RECORDS SUPPLIED -
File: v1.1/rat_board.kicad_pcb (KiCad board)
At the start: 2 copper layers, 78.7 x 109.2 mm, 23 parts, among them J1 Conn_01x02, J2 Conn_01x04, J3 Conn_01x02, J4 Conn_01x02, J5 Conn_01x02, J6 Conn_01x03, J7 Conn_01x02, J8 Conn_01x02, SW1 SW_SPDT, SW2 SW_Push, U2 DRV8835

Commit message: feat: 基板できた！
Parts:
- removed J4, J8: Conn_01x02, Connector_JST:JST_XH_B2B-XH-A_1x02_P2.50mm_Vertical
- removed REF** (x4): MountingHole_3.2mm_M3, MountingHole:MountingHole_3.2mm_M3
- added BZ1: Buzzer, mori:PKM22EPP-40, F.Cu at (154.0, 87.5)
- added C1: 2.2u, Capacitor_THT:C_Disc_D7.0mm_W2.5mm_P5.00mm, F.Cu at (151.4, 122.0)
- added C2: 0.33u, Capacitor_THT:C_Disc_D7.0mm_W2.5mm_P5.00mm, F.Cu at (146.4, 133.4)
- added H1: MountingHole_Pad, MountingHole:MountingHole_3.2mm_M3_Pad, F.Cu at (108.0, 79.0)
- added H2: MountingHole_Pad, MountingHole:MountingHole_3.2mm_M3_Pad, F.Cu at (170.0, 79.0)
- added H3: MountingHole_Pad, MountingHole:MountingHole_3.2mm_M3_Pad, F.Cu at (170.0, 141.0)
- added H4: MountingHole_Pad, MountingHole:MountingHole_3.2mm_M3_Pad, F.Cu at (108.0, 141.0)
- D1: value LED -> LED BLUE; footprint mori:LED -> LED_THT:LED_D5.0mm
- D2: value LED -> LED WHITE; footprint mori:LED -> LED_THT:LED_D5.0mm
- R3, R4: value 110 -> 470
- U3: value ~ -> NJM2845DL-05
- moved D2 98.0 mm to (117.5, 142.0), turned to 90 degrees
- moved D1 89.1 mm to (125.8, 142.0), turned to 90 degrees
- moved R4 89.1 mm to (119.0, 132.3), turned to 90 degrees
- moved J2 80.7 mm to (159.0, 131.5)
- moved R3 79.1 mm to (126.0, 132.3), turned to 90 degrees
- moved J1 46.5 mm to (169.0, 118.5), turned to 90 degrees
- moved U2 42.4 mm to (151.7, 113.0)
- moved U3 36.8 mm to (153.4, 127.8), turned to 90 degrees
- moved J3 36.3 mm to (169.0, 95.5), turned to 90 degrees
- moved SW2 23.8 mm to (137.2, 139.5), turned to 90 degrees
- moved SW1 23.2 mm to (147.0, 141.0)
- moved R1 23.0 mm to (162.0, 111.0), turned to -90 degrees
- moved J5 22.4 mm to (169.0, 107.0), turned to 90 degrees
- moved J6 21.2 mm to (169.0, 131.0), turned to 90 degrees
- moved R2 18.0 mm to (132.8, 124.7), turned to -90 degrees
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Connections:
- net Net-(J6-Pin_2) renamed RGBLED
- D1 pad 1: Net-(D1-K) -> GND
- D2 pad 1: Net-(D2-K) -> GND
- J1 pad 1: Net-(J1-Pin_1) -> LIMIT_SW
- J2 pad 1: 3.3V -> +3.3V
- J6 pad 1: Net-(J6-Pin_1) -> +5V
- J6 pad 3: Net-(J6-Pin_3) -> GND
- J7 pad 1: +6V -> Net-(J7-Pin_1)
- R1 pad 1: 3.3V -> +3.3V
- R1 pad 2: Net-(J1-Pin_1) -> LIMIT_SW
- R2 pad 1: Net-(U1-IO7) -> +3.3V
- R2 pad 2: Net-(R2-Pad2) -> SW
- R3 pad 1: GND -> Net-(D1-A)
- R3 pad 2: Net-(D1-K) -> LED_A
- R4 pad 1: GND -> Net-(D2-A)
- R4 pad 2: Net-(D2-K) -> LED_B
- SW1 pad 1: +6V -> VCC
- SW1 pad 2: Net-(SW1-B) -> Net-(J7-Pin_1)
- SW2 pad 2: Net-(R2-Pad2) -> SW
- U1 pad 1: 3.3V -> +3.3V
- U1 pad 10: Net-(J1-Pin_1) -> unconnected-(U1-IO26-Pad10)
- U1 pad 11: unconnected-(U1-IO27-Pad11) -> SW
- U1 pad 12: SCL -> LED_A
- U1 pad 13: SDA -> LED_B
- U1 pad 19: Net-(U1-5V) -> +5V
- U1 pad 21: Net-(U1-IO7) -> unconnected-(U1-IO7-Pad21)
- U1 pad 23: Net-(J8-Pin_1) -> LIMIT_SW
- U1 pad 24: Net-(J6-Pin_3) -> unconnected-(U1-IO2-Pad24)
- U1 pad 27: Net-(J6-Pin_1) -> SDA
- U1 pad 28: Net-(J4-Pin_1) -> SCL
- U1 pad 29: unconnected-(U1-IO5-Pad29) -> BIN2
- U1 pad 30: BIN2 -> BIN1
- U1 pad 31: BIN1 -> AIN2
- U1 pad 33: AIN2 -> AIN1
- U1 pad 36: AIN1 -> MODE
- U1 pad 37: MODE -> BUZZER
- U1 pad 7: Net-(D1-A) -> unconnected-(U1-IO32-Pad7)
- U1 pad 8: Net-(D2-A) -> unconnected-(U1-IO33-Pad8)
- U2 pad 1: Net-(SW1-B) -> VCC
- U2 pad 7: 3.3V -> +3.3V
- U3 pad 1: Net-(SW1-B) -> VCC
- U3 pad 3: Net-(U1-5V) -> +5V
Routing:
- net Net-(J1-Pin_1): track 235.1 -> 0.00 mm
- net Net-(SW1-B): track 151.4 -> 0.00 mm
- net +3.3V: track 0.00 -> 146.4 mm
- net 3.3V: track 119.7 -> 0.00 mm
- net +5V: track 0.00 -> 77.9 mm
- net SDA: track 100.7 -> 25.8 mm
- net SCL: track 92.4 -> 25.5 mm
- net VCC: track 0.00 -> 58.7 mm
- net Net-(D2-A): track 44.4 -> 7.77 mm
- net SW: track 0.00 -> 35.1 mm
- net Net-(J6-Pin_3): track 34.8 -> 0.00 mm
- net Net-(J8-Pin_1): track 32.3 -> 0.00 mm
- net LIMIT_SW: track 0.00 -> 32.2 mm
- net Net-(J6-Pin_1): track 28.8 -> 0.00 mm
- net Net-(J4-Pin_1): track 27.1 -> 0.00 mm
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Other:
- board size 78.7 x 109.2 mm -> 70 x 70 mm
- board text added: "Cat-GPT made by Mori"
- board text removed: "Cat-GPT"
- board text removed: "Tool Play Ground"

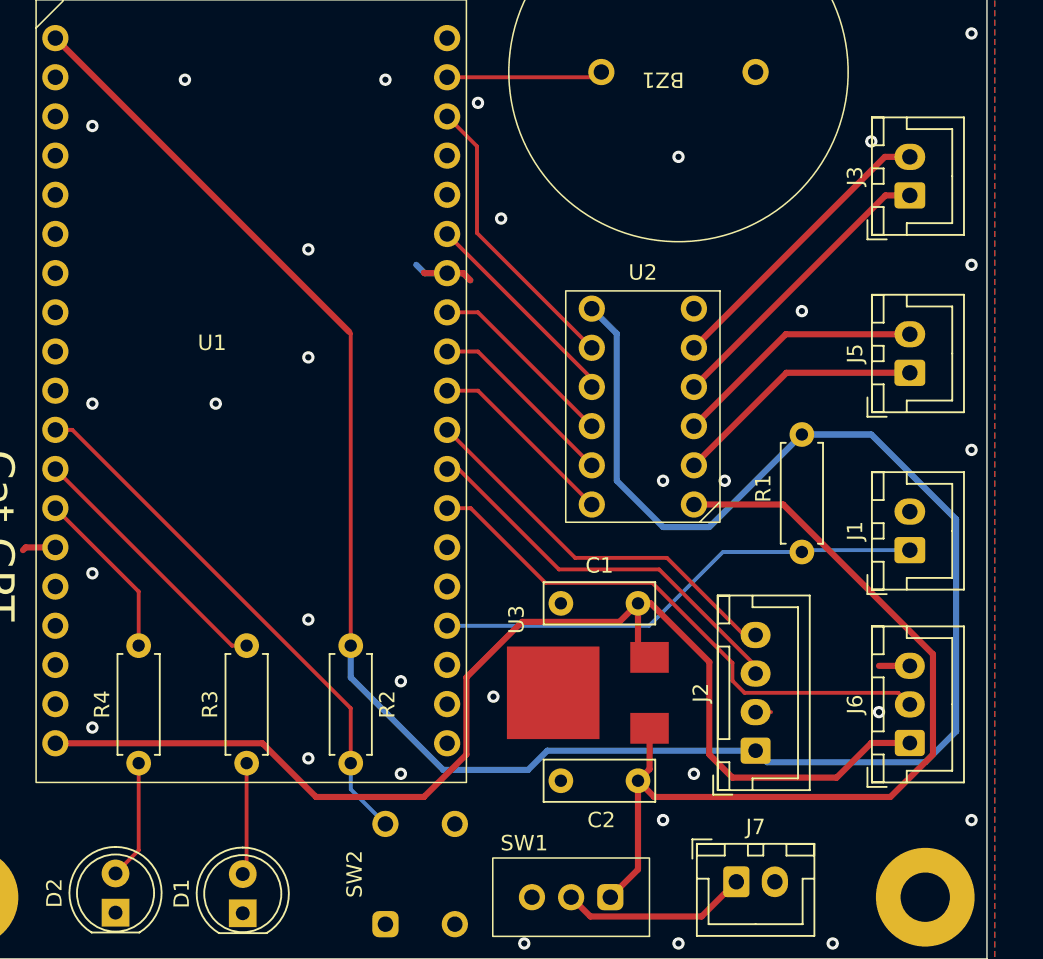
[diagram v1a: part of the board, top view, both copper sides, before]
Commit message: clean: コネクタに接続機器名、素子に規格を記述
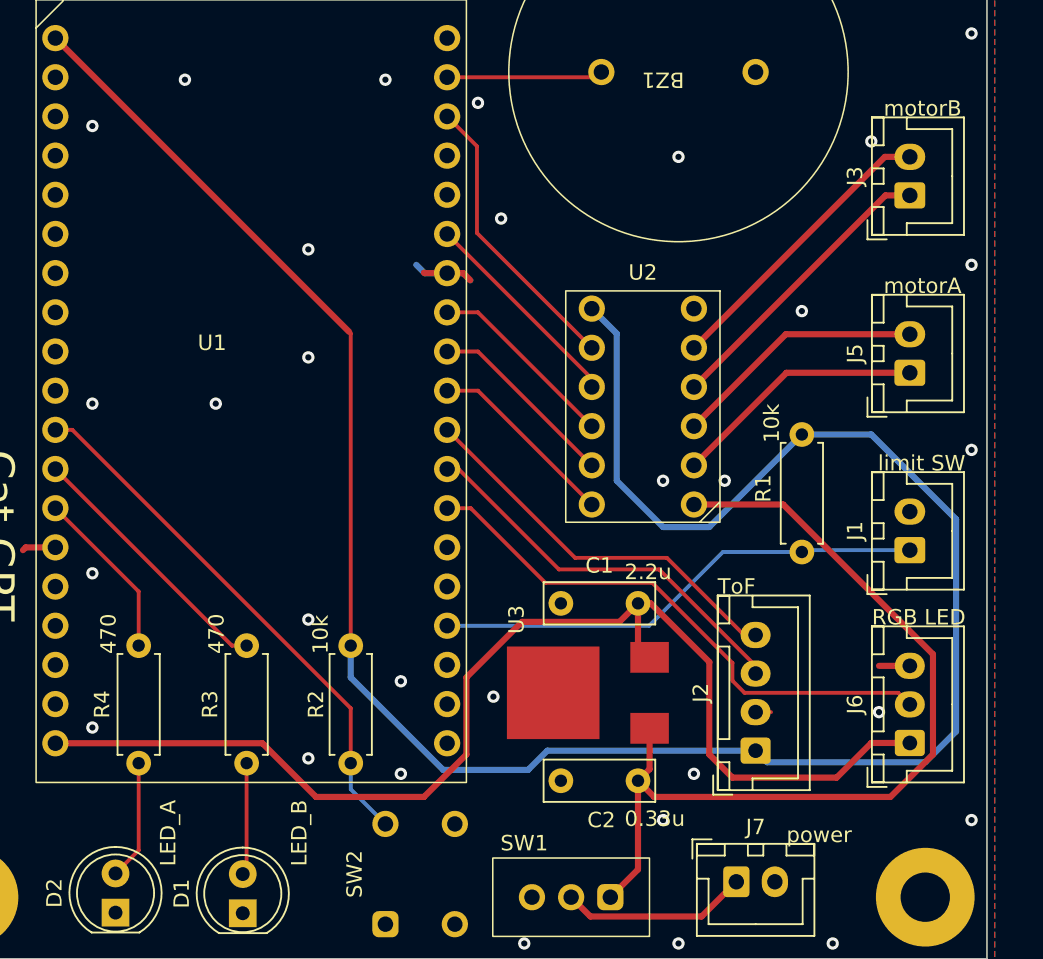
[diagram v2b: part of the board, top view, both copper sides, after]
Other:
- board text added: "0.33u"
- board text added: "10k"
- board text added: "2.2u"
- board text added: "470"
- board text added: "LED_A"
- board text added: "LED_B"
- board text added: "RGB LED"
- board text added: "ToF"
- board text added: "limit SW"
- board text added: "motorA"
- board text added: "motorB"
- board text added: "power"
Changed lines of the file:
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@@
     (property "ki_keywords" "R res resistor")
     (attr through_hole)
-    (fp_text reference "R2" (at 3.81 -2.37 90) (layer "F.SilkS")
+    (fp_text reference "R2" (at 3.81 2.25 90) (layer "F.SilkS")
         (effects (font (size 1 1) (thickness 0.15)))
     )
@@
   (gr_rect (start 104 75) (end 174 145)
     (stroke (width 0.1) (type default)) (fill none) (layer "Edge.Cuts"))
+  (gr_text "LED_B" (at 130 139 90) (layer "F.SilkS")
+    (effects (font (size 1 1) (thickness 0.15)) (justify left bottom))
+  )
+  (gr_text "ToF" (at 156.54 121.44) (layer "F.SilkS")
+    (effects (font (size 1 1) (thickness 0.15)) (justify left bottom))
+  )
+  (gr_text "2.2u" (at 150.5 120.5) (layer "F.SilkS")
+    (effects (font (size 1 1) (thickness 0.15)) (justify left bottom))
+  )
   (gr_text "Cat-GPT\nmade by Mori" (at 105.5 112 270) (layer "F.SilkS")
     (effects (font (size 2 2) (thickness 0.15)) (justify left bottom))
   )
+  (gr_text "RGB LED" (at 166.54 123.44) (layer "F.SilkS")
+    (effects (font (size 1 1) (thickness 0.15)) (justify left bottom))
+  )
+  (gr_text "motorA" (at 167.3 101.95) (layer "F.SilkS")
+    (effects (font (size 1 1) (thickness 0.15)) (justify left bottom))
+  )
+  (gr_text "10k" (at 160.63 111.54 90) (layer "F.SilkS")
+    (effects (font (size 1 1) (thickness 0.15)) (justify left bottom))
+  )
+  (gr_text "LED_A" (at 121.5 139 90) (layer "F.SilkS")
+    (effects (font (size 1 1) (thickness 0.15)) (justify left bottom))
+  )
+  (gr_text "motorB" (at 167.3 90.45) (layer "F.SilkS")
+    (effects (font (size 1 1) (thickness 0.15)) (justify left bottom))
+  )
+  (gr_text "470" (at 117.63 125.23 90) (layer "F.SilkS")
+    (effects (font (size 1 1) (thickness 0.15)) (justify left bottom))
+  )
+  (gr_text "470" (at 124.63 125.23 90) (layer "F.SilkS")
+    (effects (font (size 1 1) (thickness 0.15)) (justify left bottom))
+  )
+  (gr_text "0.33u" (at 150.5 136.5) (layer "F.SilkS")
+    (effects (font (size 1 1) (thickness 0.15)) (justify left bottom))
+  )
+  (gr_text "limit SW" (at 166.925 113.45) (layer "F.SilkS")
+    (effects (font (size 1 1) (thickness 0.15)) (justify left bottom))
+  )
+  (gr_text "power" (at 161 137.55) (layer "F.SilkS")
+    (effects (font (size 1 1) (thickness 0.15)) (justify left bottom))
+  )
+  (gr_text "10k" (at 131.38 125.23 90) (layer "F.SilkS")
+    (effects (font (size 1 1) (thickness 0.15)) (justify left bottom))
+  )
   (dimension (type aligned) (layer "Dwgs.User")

ASSIGNMENT -
Where a line in the entries holds "type", copy that line.

REPLY TO THE EXERCISE -
     (stroke (width 0.1) (type default)) (fill none) (layer "Edge.Cuts"))
   (dimension (type aligned) (layer "Dwgs.User")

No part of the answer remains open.